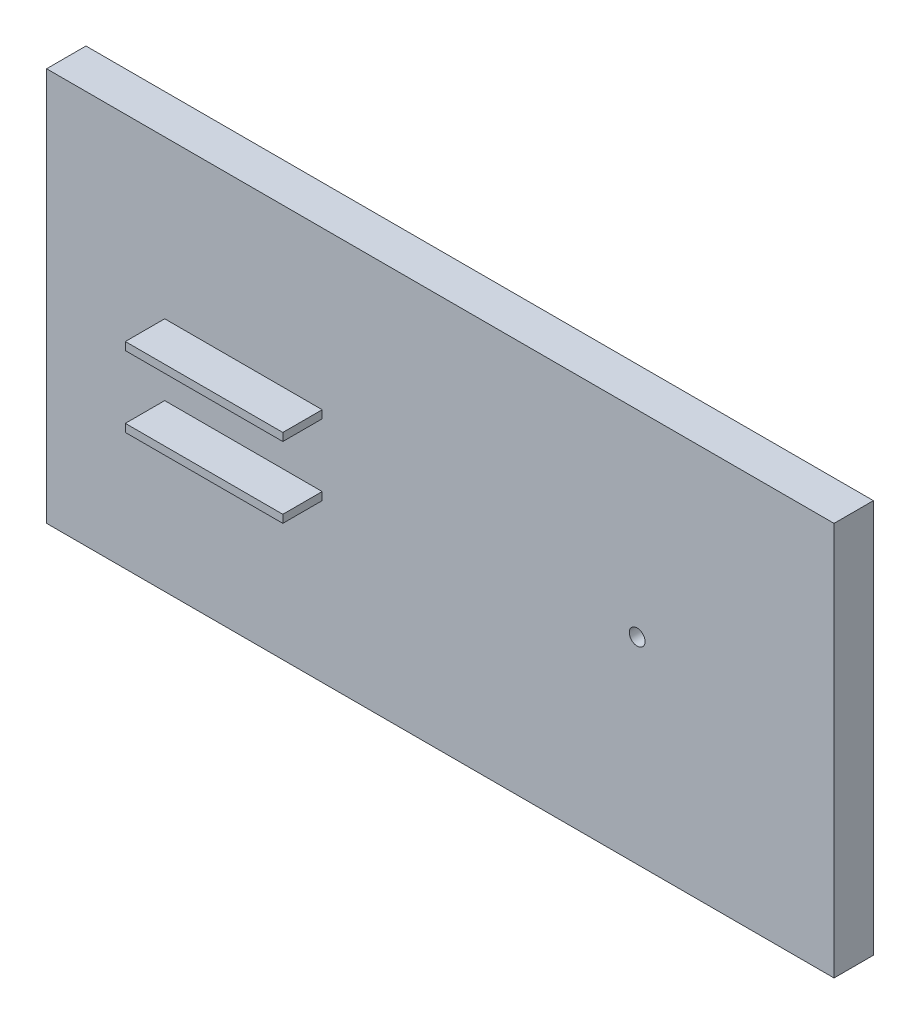
ISO-10303-21;
HEADER;
FILE_DESCRIPTION(('STEP AP214'),'2;1');
FILE_NAME('part.step','',(''),(''),'','','');
FILE_SCHEMA(('AUTOMOTIVE_DESIGN { 1 0 10303 214 1 1 1 1 }'));
ENDSEC;
DATA;
#1=APPLICATION_CONTEXT('core data for automotive mechanical design processes');
#2=APPLICATION_PROTOCOL_DEFINITION('international standard','automotive_design',2000,#1);
#3=PRODUCT_CONTEXT('',#1,'mechanical');
#4=PRODUCT('Part','Part','',(#3));
#5=PRODUCT_RELATED_PRODUCT_CATEGORY('part','',(#4));
#6=PRODUCT_DEFINITION_FORMATION('','',#4);
#7=PRODUCT_DEFINITION_CONTEXT('part definition',#1,'design');
#8=PRODUCT_DEFINITION('design','',#6,#7);
#9=PRODUCT_DEFINITION_SHAPE('','',#8);
#10=(LENGTH_UNIT() NAMED_UNIT(*) SI_UNIT(.MILLI.,.METRE.));
#11=(NAMED_UNIT(*) PLANE_ANGLE_UNIT() SI_UNIT($,.RADIAN.));
#12=(NAMED_UNIT(*) SI_UNIT($,.STERADIAN.) SOLID_ANGLE_UNIT());
#13=UNCERTAINTY_MEASURE_WITH_UNIT(LENGTH_MEASURE(1.E-05),#10,'distance_accuracy_value','');
#14=(GEOMETRIC_REPRESENTATION_CONTEXT(3) GLOBAL_UNCERTAINTY_ASSIGNED_CONTEXT((#13)) GLOBAL_UNIT_ASSIGNED_CONTEXT((#10,
#11,#12)) REPRESENTATION_CONTEXT('',''));
#15=CARTESIAN_POINT('',(0.,0.,0.));
#16=DIRECTION('',(0.,0.,1.));
#17=DIRECTION('',(1.,0.,0.));
#18=AXIS2_PLACEMENT_3D('',#15,#16,#17);
#19=CARTESIAN_POINT('',(-100.,0.,10.));
#20=DIRECTION('',(1.,0.,0.));
#21=DIRECTION('',(0.,0.,-1.));
#22=AXIS2_PLACEMENT_3D('',#19,#20,#21);
#23=PLANE('',#22);
#24=DIRECTION('',(0.,-1.,0.));
#25=VECTOR('',#24,1.);
#26=CARTESIAN_POINT('',(-100.,0.,0.));
#27=LINE('',#26,#25);
#28=CARTESIAN_POINT('',(-100.,50.,0.));
#29=VERTEX_POINT('',#28);
#30=CARTESIAN_POINT('',(-100.,-50.,0.));
#31=VERTEX_POINT('',#30);
#32=EDGE_CURVE('E139',#29,#31,#27,.T.);
#33=ORIENTED_EDGE('',*,*,#32,.T.);
#34=DIRECTION('',(0.,0.,-1.));
#35=VECTOR('',#34,1.);
#36=CARTESIAN_POINT('',(-100.,-50.,10.));
#37=LINE('',#36,#35);
#38=CARTESIAN_POINT('',(-100.,-50.,10.));
#39=VERTEX_POINT('',#38);
#40=EDGE_CURVE('E11',#39,#31,#37,.T.);
#41=ORIENTED_EDGE('',*,*,#40,.F.);
#42=DIRECTION('',(0.,-1.,0.));
#43=VECTOR('',#42,1.);
#44=CARTESIAN_POINT('',(-100.,0.,10.));
#45=LINE('',#44,#43);
#46=CARTESIAN_POINT('',(-100.,50.,10.));
#47=VERTEX_POINT('',#46);
#48=EDGE_CURVE('E80',#47,#39,#45,.T.);
#49=ORIENTED_EDGE('',*,*,#48,.F.);
#50=DIRECTION('',(0.,0.,-1.));
#51=VECTOR('',#50,1.);
#52=CARTESIAN_POINT('',(-100.,50.,10.));
#53=LINE('',#52,#51);
#54=EDGE_CURVE('E96',#47,#29,#53,.T.);
#55=ORIENTED_EDGE('',*,*,#54,.T.);
#56=EDGE_LOOP('',(#33,#41,#49,#55));
#57=FACE_BOUND('',#56,.T.);
#58=ADVANCED_FACE('F33',(#57),#23,.F.);
#59=CARTESIAN_POINT('',(0.,-50.,10.));
#60=DIRECTION('',(0.,-1.,0.));
#61=DIRECTION('',(0.,0.,-1.));
#62=AXIS2_PLACEMENT_3D('',#59,#60,#61);
#63=PLANE('',#62);
#64=DIRECTION('',(-1.,0.,0.));
#65=VECTOR('',#64,1.);
#66=CARTESIAN_POINT('',(0.,-50.,0.));
#67=LINE('',#66,#65);
#68=CARTESIAN_POINT('',(100.,-50.,0.));
#69=VERTEX_POINT('',#68);
#70=EDGE_CURVE('E141',#69,#31,#67,.T.);
#71=ORIENTED_EDGE('',*,*,#70,.F.);
#72=DIRECTION('',(0.,0.,-1.));
#73=VECTOR('',#72,1.);
#74=CARTESIAN_POINT('',(100.,-50.,10.));
#75=LINE('',#74,#73);
#76=CARTESIAN_POINT('',(100.,-50.,10.));
#77=VERTEX_POINT('',#76);
#78=EDGE_CURVE('E41',#77,#69,#75,.T.);
#79=ORIENTED_EDGE('',*,*,#78,.F.);
#80=DIRECTION('',(-1.,0.,0.));
#81=VECTOR('',#80,1.);
#82=CARTESIAN_POINT('',(0.,-50.,10.));
#83=LINE('',#82,#81);
#84=EDGE_CURVE('E104',#77,#39,#83,.T.);
#85=ORIENTED_EDGE('',*,*,#84,.T.);
#86=ORIENTED_EDGE('',*,*,#40,.T.);
#87=EDGE_LOOP('',(#71,#79,#85,#86));
#88=FACE_BOUND('',#87,.T.);
#89=ADVANCED_FACE('F154',(#88),#63,.T.);
#90=CARTESIAN_POINT('',(100.,0.,10.));
#91=DIRECTION('',(1.,0.,0.));
#92=DIRECTION('',(0.,0.,-1.));
#93=AXIS2_PLACEMENT_3D('',#90,#91,#92);
#94=PLANE('',#93);
#95=DIRECTION('',(0.,-1.,0.));
#96=VECTOR('',#95,1.);
#97=CARTESIAN_POINT('',(100.,0.,0.));
#98=LINE('',#97,#96);
#99=CARTESIAN_POINT('',(100.,50.,0.));
#100=VERTEX_POINT('',#99);
#101=EDGE_CURVE('E145',#100,#69,#98,.T.);
#102=ORIENTED_EDGE('',*,*,#101,.F.);
#103=DIRECTION('',(0.,0.,-1.));
#104=VECTOR('',#103,1.);
#105=CARTESIAN_POINT('',(100.,50.,10.));
#106=LINE('',#105,#104);
#107=CARTESIAN_POINT('',(100.,50.,10.));
#108=VERTEX_POINT('',#107);
#109=EDGE_CURVE('E67',#108,#100,#106,.T.);
#110=ORIENTED_EDGE('',*,*,#109,.F.);
#111=DIRECTION('',(0.,-1.,0.));
#112=VECTOR('',#111,1.);
#113=CARTESIAN_POINT('',(100.,0.,10.));
#114=LINE('',#113,#112);
#115=EDGE_CURVE('E93',#108,#77,#114,.T.);
#116=ORIENTED_EDGE('',*,*,#115,.T.);
#117=ORIENTED_EDGE('',*,*,#78,.T.);
#118=EDGE_LOOP('',(#102,#110,#116,#117));
#119=FACE_BOUND('',#118,.T.);
#120=ADVANCED_FACE('F152',(#119),#94,.T.);
#121=CARTESIAN_POINT('',(50.,0.,10.));
#122=DIRECTION('',(0.,0.,-1.));
#123=DIRECTION('',(-1.,0.,0.));
#124=AXIS2_PLACEMENT_3D('',#121,#122,#123);
#125=CYLINDRICAL_SURFACE('',#124,2.);
#126=CARTESIAN_POINT('',(50.,0.,10.));
#127=DIRECTION('',(0.,0.,1.));
#128=DIRECTION('',(1.,0.,0.));
#129=AXIS2_PLACEMENT_3D('',#126,#127,#128);
#130=CIRCLE('',#129,2.);
#131=CARTESIAN_POINT('',(52.,0.,10.));
#132=VERTEX_POINT('',#131);
#133=EDGE_CURVE('E94',#132,#132,#130,.T.);
#134=ORIENTED_EDGE('',*,*,#133,.T.);
#135=EDGE_LOOP('',(#134));
#136=FACE_BOUND('',#135,.T.);
#137=CARTESIAN_POINT('',(50.,0.,0.));
#138=DIRECTION('',(0.,0.,1.));
#139=DIRECTION('',(1.,0.,0.));
#140=AXIS2_PLACEMENT_3D('',#137,#138,#139);
#141=CIRCLE('',#140,2.);
#142=CARTESIAN_POINT('',(52.,0.,0.));
#143=VERTEX_POINT('',#142);
#144=EDGE_CURVE('E105',#143,#143,#141,.T.);
#145=ORIENTED_EDGE('',*,*,#144,.F.);
#146=EDGE_LOOP('',(#145));
#147=FACE_BOUND('',#146,.T.);
#148=ADVANCED_FACE('F163',(#136,#147),#125,.F.);
#149=CARTESIAN_POINT('',(0.,50.,10.));
#150=DIRECTION('',(0.,-1.,0.));
#151=DIRECTION('',(0.,0.,-1.));
#152=AXIS2_PLACEMENT_3D('',#149,#150,#151);
#153=PLANE('',#152);
#154=DIRECTION('',(-1.,0.,0.));
#155=VECTOR('',#154,1.);
#156=CARTESIAN_POINT('',(0.,50.,0.));
#157=LINE('',#156,#155);
#158=EDGE_CURVE('E71',#100,#29,#157,.T.);
#159=ORIENTED_EDGE('',*,*,#158,.T.);
#160=ORIENTED_EDGE('',*,*,#54,.F.);
#161=DIRECTION('',(-1.,0.,0.));
#162=VECTOR('',#161,1.);
#163=CARTESIAN_POINT('',(0.,50.,10.));
#164=LINE('',#163,#162);
#165=EDGE_CURVE('E89',#108,#47,#164,.T.);
#166=ORIENTED_EDGE('',*,*,#165,.F.);
#167=ORIENTED_EDGE('',*,*,#109,.T.);
#168=EDGE_LOOP('',(#159,#160,#166,#167));
#169=FACE_BOUND('',#168,.T.);
#170=ADVANCED_FACE('F97',(#169),#153,.F.);
#171=CARTESIAN_POINT('',(0.,0.,10.));
#172=DIRECTION('',(0.,0.,1.));
#173=DIRECTION('',(1.,0.,0.));
#174=AXIS2_PLACEMENT_3D('',#171,#172,#173);
#175=PLANE('',#174);
#176=ORIENTED_EDGE('',*,*,#48,.T.);
#177=ORIENTED_EDGE('',*,*,#84,.F.);
#178=ORIENTED_EDGE('',*,*,#115,.F.);
#179=ORIENTED_EDGE('',*,*,#165,.T.);
#180=EDGE_LOOP('',(#176,#177,#178,#179));
#181=FACE_BOUND('',#180,.T.);
#182=ORIENTED_EDGE('',*,*,#133,.F.);
#183=EDGE_LOOP('',(#182));
#184=FACE_BOUND('',#183,.T.);
#185=DIRECTION('',(1.,0.,0.));
#186=VECTOR('',#185,1.);
#187=CARTESIAN_POINT('',(0.,-10.,10.));
#188=LINE('',#187,#186);
#189=CARTESIAN_POINT('',(-70.,-10.,10.));
#190=VERTEX_POINT('',#189);
#191=CARTESIAN_POINT('',(-30.,-10.,10.));
#192=VERTEX_POINT('',#191);
#193=EDGE_CURVE('E117',#190,#192,#188,.T.);
#194=ORIENTED_EDGE('',*,*,#193,.F.);
#195=DIRECTION('',(0.,-1.,0.));
#196=VECTOR('',#195,1.);
#197=CARTESIAN_POINT('',(-70.0000000000001,-4.85722573273506E-13,10.));
#198=LINE('',#197,#196);
#199=CARTESIAN_POINT('',(-70.,-8.00000000000001,10.));
#200=VERTEX_POINT('',#199);
#201=EDGE_CURVE('E120',#200,#190,#198,.T.);
#202=ORIENTED_EDGE('',*,*,#201,.F.);
#203=DIRECTION('',(1.,0.,0.));
#204=VECTOR('',#203,1.);
#205=CARTESIAN_POINT('',(0.,-8.00000000000001,10.));
#206=LINE('',#205,#204);
#207=CARTESIAN_POINT('',(-30.,-8.00000000000001,10.));
#208=VERTEX_POINT('',#207);
#209=EDGE_CURVE('E123',#200,#208,#206,.T.);
#210=ORIENTED_EDGE('',*,*,#209,.T.);
#211=DIRECTION('',(0.,-1.,0.));
#212=VECTOR('',#211,1.);
#213=CARTESIAN_POINT('',(-30.,-1.04083408558609E-13,10.));
#214=LINE('',#213,#212);
#215=EDGE_CURVE('E126',#208,#192,#214,.T.);
#216=ORIENTED_EDGE('',*,*,#215,.T.);
#217=EDGE_LOOP('',(#194,#202,#210,#216));
#218=FACE_BOUND('',#217,.T.);
#219=DIRECTION('',(0.,1.,0.));
#220=VECTOR('',#219,1.);
#221=CARTESIAN_POINT('',(-69.9999999999999,-9.7144514654701E-13,10.));
#222=LINE('',#221,#220);
#223=CARTESIAN_POINT('',(-70.,7.99999999999999,10.));
#224=VERTEX_POINT('',#223);
#225=CARTESIAN_POINT('',(-70.,9.99999999999999,10.));
#226=VERTEX_POINT('',#225);
#227=EDGE_CURVE('E129',#224,#226,#222,.T.);
#228=ORIENTED_EDGE('',*,*,#227,.T.);
#229=DIRECTION('',(1.,0.,0.));
#230=VECTOR('',#229,1.);
#231=CARTESIAN_POINT('',(0.,9.99999999999999,10.));
#232=LINE('',#231,#230);
#233=CARTESIAN_POINT('',(-30.,9.99999999999999,10.));
#234=VERTEX_POINT('',#233);
#235=EDGE_CURVE('E132',#226,#234,#232,.T.);
#236=ORIENTED_EDGE('',*,*,#235,.T.);
#237=DIRECTION('',(0.,1.,0.));
#238=VECTOR('',#237,1.);
#239=CARTESIAN_POINT('',(-29.9999999999999,-3.12250225675824E-13,10.));
#240=LINE('',#239,#238);
#241=CARTESIAN_POINT('',(-30.,7.99999999999999,10.));
#242=VERTEX_POINT('',#241);
#243=EDGE_CURVE('E135',#242,#234,#240,.T.);
#244=ORIENTED_EDGE('',*,*,#243,.F.);
#245=DIRECTION('',(1.,0.,0.));
#246=VECTOR('',#245,1.);
#247=CARTESIAN_POINT('',(0.,7.99999999999999,10.));
#248=LINE('',#247,#246);
#249=EDGE_CURVE('E101',#224,#242,#248,.T.);
#250=ORIENTED_EDGE('',*,*,#249,.F.);
#251=EDGE_LOOP('',(#228,#236,#244,#250));
#252=FACE_BOUND('',#251,.T.);
#253=ADVANCED_FACE('F90',(#181,#184,#218,#252),#175,.T.);
#254=CARTESIAN_POINT('',(0.,0.,0.));
#255=DIRECTION('',(0.,0.,1.));
#256=DIRECTION('',(1.,0.,0.));
#257=AXIS2_PLACEMENT_3D('',#254,#255,#256);
#258=PLANE('',#257);
#259=ORIENTED_EDGE('',*,*,#32,.F.);
#260=ORIENTED_EDGE('',*,*,#158,.F.);
#261=ORIENTED_EDGE('',*,*,#101,.T.);
#262=ORIENTED_EDGE('',*,*,#70,.T.);
#263=EDGE_LOOP('',(#259,#260,#261,#262));
#264=FACE_BOUND('',#263,.T.);
#265=ORIENTED_EDGE('',*,*,#144,.T.);
#266=EDGE_LOOP('',(#265));
#267=FACE_BOUND('',#266,.T.);
#268=ADVANCED_FACE('F156',(#264,#267),#258,.F.);
#269=CARTESIAN_POINT('',(-70.,7.99999999999999,20.));
#270=DIRECTION('',(-1.,0.,0.));
#271=DIRECTION('',(0.,-1.,0.));
#272=AXIS2_PLACEMENT_3D('',#269,#270,#271);
#273=PLANE('',#272);
#274=DIRECTION('',(0.,0.,-1.));
#275=VECTOR('',#274,1.);
#276=CARTESIAN_POINT('',(-70.,9.99999999999999,20.));
#277=LINE('',#276,#275);
#278=CARTESIAN_POINT('',(-70.,9.99999999999999,20.));
#279=VERTEX_POINT('',#278);
#280=EDGE_CURVE('E111',#279,#226,#277,.T.);
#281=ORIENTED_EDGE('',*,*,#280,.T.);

What you have to do: Please copy the lines in the records above between the one holding "#93=AXIS2_PLACEMENT_3D('',#90,#91,#92);" and the one holding "#119=FACE_BOUND('',#118,.T.);", inclusive, exactly and with no other line.

Completed exercise:
#93=AXIS2_PLACEMENT_3D('',#90,#91,#92);
#94=PLANE('',#93);
#95=DIRECTION('',(0.,-1.,0.));
#96=VECTOR('',#95,1.);
#97=CARTESIAN_POINT('',(100.,0.,0.));
#98=LINE('',#97,#96);
#99=CARTESIAN_POINT('',(100.,50.,0.));
#100=VERTEX_POINT('',#99);
#101=EDGE_CURVE('E145',#100,#69,#98,.T.);
#102=ORIENTED_EDGE('',*,*,#101,.F.);
#103=DIRECTION('',(0.,0.,-1.));
#104=VECTOR('',#103,1.);
#105=CARTESIAN_POINT('',(100.,50.,10.));
#106=LINE('',#105,#104);
#107=CARTESIAN_POINT('',(100.,50.,10.));
#108=VERTEX_POINT('',#107);
#109=EDGE_CURVE('E67',#108,#100,#106,.T.);
#110=ORIENTED_EDGE('',*,*,#109,.F.);
#111=DIRECTION('',(0.,-1.,0.));
#112=VECTOR('',#111,1.);
#113=CARTESIAN_POINT('',(100.,0.,10.));
#114=LINE('',#113,#112);
#115=EDGE_CURVE('E93',#108,#77,#114,.T.);
#116=ORIENTED_EDGE('',*,*,#115,.T.);
#117=ORIENTED_EDGE('',*,*,#78,.T.);
#118=EDGE_LOOP('',(#102,#110,#116,#117));
#119=FACE_BOUND('',#118,.T.);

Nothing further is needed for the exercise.